Achieving Vertical & Horizontal Integration in Pharma 4.0™
Recent projects on serialization and track and trace help illustrate the concepts of vertical and horizontal integration. With vertical integration, the unique product identification information (serial number, lot, etc.) used by sensors and printers on the packaging lines is made accessible to the supply chain and regulatory hubs throughout the entire technology stack. With horizontal integration, which employs heterogeneous systems and technologies, a single physical pack of medicines moves through the supply chain accompanied by the correct information about its state and characteristics, right up to delivery to the pharmacist and, ultimately, the patient.
This is the third in an ongoing series of articles about Pharma 4.0™. In the Pharma 4.0™ revolution, information is an integral part of the final pharmacological product. A cornerstone for generating this information is the extent, and successful application, of simultaneous, mutual interaction between vertical and horizontal integration.
Integration itself is not a novelty. Vertical integration has been connoting industrial system architectures since the 3.0 revolution of the 1970s and 1980s, which was primarily aimed at supporting production and logistic operations and related to automation and IT production. Horizontal integration has also been used for years in the logistic procurement cycle, with dedicated channels between partners as well as business-to-business platforms. Now, in light of the technological, conceptual, and process-related opportunities offered by Pharma 4.0™, the potential of integration in the pharma industry is a promising avenue for investigation.
Integration’s Potential in Pharma
Let’s review aspects of this potential, starting with vertical integration. In its current state, vertical integration makes collecting data from the field simpler (and therefore quicker), less expensive, and more comprehensive than in the past. We can use 3.0 vertical integration methods, such as supporting operations through alarm detection, gaining printouts of process values to be attached to batch reports, and making quick interventions to the machinery. Additionally, we can rely on effective big data collection and treatment to automatically compile batch reports, manage events by exception, join and combine production and quality control results, reduce errors in manual data handling, and assist quality assurance revision and approval processes, ultimately reducing each batch’s time to market. To strive even further, with continuous verification toward a well-defined golden batch, we can achieve a deeper understanding of both known and hidden process dynamics, event-based predictive maintenance, and eventual optimization of both operations and investments.

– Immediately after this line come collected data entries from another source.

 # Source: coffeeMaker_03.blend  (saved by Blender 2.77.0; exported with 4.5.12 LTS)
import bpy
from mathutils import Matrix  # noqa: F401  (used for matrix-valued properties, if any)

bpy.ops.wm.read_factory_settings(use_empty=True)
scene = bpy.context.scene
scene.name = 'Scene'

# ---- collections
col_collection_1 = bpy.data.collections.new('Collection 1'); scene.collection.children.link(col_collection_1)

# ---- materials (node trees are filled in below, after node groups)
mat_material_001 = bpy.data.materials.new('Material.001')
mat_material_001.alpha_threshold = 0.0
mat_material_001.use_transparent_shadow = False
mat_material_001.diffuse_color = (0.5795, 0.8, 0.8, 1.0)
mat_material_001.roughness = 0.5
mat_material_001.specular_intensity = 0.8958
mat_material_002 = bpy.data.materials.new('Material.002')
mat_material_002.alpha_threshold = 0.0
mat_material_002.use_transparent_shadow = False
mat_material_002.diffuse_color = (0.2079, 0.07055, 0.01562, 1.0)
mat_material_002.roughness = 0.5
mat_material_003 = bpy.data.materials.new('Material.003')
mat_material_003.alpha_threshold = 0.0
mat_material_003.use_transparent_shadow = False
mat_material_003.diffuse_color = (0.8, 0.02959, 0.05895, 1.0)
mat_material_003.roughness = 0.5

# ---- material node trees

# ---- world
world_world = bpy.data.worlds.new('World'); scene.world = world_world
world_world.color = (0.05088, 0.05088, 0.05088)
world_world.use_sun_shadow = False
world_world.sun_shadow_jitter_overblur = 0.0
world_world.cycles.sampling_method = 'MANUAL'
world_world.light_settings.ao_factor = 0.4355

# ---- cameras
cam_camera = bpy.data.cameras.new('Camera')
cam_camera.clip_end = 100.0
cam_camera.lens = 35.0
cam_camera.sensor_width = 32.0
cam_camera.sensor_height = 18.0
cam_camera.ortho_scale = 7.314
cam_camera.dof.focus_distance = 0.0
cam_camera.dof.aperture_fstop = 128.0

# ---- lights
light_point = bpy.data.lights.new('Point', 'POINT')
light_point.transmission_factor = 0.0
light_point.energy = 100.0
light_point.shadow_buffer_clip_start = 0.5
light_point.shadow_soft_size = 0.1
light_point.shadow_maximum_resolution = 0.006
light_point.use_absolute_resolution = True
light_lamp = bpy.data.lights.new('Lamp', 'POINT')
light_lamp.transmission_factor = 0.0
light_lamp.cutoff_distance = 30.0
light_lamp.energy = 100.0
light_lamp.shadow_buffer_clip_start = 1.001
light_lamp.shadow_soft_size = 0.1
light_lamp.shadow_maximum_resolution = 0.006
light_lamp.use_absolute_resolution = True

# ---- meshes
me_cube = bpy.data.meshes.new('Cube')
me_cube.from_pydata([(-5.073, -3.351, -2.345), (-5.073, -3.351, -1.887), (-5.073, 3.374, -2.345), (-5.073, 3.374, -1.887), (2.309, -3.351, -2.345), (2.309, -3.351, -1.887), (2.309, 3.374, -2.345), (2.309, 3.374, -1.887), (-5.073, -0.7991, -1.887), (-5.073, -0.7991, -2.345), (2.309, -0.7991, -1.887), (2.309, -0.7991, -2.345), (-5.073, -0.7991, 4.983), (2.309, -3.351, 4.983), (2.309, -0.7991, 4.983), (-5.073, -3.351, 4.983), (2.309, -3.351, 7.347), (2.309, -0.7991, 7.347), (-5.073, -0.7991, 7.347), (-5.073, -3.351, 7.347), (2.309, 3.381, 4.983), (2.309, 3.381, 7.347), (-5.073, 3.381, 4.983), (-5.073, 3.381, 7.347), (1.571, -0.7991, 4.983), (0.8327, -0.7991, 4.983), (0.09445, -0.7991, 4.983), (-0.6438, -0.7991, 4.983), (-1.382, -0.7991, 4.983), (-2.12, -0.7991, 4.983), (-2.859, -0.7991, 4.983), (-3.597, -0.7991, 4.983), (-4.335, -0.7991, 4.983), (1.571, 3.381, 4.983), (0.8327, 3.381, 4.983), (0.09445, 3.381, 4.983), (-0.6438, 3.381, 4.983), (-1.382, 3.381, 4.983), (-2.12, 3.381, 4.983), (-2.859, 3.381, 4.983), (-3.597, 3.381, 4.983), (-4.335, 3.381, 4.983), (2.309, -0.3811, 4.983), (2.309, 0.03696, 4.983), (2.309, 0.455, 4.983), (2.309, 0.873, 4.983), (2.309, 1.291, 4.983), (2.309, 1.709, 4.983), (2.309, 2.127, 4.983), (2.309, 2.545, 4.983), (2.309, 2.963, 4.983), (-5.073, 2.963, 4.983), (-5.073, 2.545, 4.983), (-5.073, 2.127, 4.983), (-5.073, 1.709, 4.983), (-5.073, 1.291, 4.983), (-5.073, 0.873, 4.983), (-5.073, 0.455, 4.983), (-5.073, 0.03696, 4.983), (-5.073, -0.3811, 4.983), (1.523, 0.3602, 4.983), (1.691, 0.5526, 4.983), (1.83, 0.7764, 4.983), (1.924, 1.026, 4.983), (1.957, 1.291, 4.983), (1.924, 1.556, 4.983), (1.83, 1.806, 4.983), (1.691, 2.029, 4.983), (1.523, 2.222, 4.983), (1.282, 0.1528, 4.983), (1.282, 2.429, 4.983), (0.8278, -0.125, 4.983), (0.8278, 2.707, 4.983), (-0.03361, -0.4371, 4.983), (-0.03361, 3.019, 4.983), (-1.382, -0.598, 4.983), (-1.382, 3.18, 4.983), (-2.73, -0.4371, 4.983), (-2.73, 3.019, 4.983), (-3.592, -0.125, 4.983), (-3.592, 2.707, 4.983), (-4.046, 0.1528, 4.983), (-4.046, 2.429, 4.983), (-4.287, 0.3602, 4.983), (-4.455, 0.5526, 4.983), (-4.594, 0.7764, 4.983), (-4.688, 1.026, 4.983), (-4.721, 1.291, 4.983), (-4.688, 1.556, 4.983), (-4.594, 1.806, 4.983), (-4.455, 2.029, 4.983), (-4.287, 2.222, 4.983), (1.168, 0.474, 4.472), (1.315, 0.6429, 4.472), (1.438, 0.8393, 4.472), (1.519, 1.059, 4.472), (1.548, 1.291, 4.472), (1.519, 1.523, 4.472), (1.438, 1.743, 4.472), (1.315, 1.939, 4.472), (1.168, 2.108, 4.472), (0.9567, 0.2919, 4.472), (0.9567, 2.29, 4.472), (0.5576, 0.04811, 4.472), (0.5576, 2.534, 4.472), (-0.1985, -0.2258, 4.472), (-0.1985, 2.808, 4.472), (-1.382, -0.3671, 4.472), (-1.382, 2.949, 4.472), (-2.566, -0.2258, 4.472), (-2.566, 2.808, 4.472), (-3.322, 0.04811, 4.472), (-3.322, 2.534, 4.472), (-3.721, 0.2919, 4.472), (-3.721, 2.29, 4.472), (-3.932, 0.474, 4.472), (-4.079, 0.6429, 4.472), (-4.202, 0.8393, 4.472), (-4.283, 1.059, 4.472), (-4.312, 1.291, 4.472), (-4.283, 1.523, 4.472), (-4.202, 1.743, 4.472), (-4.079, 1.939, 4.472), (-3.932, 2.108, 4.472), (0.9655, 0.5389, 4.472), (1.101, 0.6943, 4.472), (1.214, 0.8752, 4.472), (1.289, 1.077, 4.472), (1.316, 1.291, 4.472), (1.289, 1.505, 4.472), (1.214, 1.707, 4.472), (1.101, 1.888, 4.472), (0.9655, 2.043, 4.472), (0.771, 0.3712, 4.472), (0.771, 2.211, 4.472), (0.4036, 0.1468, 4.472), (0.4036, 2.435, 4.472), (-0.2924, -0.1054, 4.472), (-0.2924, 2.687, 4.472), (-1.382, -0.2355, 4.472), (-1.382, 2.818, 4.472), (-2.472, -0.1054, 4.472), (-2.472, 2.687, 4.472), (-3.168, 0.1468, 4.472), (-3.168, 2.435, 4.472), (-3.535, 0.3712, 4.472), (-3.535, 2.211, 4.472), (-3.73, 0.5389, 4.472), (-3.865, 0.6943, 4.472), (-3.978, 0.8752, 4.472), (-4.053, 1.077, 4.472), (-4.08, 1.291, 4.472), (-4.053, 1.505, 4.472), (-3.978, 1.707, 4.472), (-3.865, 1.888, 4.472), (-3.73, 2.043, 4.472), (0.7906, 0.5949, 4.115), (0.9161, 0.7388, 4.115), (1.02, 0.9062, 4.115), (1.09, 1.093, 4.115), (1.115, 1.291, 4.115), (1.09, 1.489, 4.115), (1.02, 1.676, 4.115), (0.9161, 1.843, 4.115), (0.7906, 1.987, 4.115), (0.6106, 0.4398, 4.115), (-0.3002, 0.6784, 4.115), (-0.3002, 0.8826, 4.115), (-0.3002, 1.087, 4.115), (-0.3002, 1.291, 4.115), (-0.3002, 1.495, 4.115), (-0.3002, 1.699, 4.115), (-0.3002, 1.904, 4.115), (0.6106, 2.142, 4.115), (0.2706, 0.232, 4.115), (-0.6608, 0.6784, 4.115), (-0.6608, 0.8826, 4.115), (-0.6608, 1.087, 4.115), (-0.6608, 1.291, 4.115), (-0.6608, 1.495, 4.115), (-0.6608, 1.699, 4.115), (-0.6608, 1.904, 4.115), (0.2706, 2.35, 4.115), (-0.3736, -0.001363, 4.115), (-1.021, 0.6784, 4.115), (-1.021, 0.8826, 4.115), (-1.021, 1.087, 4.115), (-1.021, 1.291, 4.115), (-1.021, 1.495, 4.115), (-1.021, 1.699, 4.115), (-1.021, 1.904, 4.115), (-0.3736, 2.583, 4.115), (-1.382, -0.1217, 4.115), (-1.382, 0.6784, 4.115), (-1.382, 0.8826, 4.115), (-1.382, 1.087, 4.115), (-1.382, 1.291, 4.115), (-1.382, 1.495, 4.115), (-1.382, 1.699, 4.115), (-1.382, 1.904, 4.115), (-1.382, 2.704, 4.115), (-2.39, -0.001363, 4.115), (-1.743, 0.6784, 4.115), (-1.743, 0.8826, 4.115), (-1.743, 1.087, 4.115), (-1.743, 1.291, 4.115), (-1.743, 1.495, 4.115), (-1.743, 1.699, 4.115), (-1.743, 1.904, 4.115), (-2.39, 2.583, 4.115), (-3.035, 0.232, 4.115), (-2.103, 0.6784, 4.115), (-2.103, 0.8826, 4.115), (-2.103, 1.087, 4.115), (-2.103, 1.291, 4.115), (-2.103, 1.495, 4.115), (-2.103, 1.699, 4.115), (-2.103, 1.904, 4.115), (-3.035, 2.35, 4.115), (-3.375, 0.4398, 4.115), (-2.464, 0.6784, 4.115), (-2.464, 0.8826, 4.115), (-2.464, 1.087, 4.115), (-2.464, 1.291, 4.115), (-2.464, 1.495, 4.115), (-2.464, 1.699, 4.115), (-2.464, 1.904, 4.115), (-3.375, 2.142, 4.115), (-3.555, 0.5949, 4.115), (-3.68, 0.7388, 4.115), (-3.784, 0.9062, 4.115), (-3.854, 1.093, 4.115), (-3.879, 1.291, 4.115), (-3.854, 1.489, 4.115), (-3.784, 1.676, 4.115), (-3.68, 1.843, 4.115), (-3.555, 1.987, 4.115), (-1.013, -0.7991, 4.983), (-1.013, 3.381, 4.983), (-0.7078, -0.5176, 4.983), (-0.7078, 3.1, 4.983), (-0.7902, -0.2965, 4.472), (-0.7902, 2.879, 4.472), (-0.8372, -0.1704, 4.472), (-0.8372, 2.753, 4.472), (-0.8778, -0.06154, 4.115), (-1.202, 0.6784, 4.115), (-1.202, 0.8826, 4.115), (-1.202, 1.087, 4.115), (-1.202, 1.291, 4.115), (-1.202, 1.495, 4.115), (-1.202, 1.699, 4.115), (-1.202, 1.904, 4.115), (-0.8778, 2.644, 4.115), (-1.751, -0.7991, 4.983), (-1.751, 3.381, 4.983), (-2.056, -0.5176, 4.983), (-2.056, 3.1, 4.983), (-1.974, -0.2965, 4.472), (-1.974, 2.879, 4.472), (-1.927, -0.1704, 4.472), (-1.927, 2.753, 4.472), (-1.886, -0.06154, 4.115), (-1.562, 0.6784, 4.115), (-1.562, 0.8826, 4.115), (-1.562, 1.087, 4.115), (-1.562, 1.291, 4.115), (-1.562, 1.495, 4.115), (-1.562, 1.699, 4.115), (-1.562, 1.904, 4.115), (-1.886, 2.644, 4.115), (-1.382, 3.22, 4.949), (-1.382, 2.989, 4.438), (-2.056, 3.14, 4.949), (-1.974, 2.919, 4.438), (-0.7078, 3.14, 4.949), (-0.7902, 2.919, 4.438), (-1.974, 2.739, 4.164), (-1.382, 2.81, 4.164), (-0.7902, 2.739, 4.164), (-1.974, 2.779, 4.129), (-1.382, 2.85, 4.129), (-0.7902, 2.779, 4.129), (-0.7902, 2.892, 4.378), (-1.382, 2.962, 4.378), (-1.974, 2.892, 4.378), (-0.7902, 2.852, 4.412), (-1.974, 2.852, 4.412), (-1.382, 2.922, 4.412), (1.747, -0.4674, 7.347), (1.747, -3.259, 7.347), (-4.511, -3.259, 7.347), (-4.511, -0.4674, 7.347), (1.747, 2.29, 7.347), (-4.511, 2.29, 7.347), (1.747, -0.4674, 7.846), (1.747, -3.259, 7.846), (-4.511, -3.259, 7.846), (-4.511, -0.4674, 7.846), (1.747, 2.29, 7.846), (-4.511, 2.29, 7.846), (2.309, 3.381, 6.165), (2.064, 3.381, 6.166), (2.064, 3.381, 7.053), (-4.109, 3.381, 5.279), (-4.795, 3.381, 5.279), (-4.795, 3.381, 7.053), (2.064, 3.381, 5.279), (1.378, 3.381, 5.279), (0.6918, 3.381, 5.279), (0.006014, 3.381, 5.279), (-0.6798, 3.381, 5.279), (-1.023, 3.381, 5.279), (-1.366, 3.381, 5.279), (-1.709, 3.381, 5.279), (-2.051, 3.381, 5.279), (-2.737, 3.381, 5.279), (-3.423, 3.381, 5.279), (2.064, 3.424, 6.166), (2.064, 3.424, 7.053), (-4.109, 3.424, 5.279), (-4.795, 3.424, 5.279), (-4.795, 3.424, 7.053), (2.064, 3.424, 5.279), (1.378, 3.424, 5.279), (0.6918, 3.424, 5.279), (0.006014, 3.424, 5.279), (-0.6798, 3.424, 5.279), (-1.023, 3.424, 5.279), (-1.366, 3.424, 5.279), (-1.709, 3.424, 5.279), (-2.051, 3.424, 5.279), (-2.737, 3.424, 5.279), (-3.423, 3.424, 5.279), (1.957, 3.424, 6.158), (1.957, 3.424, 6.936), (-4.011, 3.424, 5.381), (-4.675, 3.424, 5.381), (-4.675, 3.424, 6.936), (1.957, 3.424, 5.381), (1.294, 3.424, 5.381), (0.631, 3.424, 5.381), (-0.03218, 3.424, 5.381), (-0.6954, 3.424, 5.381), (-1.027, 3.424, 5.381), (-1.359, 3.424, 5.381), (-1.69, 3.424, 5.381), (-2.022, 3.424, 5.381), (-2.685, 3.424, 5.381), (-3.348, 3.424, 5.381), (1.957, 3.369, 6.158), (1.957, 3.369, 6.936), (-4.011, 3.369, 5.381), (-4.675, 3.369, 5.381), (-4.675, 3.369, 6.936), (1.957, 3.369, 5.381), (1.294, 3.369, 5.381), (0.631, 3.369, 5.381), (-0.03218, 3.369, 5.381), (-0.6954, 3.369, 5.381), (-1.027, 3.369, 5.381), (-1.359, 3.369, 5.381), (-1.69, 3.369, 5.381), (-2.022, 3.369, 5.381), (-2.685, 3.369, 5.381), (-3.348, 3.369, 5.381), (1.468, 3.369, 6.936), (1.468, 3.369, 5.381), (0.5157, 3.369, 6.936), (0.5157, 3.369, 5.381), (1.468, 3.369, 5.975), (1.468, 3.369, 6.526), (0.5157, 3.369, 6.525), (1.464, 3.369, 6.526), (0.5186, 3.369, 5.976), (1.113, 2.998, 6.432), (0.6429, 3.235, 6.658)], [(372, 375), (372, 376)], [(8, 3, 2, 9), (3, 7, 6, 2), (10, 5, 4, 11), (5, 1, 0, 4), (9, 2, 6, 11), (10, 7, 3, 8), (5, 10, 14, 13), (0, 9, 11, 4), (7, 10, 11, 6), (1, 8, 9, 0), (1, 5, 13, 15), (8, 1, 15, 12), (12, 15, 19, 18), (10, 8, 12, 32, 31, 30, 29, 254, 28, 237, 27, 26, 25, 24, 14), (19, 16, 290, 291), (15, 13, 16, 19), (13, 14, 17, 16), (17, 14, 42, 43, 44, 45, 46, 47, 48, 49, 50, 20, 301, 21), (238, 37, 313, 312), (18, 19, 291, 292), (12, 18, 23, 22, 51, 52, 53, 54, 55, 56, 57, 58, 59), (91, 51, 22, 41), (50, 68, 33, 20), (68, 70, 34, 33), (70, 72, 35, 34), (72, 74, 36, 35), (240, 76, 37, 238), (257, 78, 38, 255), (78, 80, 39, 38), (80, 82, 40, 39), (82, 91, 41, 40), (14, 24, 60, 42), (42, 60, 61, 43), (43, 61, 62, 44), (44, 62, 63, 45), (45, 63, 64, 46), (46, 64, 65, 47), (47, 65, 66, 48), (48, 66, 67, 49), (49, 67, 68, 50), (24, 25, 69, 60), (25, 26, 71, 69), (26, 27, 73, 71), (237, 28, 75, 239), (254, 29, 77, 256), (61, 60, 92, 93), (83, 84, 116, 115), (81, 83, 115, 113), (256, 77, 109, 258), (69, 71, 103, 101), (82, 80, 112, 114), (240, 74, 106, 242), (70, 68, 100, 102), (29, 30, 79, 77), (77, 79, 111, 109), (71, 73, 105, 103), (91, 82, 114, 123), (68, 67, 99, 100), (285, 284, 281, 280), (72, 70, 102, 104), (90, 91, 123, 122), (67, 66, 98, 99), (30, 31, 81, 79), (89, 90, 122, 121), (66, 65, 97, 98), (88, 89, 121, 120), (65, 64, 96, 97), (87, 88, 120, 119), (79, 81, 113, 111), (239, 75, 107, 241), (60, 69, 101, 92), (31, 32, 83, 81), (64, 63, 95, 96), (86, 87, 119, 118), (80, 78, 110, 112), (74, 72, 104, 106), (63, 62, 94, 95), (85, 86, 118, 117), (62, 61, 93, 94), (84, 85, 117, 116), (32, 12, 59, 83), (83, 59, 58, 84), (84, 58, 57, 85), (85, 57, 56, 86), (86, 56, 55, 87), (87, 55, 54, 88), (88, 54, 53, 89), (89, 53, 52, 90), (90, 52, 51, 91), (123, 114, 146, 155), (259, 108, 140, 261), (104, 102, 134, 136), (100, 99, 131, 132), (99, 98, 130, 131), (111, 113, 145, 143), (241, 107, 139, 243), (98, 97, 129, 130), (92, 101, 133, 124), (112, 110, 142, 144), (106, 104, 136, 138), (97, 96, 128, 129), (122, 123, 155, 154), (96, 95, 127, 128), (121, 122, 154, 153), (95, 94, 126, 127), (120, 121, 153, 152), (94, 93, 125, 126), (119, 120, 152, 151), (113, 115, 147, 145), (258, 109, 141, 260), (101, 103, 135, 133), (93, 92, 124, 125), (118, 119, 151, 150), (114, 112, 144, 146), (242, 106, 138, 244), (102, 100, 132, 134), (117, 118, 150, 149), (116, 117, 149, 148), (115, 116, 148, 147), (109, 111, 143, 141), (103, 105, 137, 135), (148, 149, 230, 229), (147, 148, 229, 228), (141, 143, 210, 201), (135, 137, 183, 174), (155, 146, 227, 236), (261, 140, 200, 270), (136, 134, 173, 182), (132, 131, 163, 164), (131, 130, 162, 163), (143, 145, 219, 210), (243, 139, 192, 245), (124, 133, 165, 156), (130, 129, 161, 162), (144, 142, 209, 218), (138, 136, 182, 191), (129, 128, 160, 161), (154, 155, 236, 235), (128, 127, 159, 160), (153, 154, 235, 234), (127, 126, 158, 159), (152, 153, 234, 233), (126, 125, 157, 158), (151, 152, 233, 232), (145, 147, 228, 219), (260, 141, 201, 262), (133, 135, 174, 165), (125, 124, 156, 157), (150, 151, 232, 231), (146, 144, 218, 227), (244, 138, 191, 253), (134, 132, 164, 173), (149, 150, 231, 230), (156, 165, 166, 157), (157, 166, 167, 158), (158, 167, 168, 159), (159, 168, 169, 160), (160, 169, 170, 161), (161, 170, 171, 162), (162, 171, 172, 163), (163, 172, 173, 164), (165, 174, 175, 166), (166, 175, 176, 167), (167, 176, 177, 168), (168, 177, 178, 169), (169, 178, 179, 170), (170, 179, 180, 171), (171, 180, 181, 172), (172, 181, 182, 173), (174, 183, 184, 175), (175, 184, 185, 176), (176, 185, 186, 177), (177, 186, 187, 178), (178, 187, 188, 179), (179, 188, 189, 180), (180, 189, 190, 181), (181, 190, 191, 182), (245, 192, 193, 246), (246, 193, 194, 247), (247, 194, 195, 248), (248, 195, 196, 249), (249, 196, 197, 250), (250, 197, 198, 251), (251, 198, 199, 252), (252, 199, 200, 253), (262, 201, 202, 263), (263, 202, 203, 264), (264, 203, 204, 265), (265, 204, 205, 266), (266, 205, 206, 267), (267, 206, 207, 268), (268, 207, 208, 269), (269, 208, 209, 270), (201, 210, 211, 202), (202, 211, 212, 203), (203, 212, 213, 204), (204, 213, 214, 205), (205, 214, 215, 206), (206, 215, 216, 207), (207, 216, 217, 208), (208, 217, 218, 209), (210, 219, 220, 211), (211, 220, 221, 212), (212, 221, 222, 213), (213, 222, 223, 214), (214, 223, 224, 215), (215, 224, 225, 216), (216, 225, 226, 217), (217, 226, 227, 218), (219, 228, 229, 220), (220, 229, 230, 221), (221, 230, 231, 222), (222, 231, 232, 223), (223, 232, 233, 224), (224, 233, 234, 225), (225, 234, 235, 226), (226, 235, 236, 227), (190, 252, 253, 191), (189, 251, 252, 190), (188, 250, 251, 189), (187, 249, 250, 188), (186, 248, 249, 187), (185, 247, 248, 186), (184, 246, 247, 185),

This movement is not just about serialization.
A practical example derives from the increasingly successful application of the concept of digital twins in the equipment control systems in a plant. The entire data and configuration set is replicated by integration in an appropriately configured digital twin. Subsequently, the continuous acquisition of parameters, process values, events, and external actions in all phases of equipment operations, along with intelligent, appropriate elaboration in near-real-time, provides a complete set of information that remains available for several different uses, such as overall equipment effectiveness analysis, consumption analysis, product quality review, and the value-added effects described previously. Furthermore, because the initiative engages a wide range of personnel, with a variety of professional skills and potentials, it inherently implements new awareness, participation, and quality in the work-place.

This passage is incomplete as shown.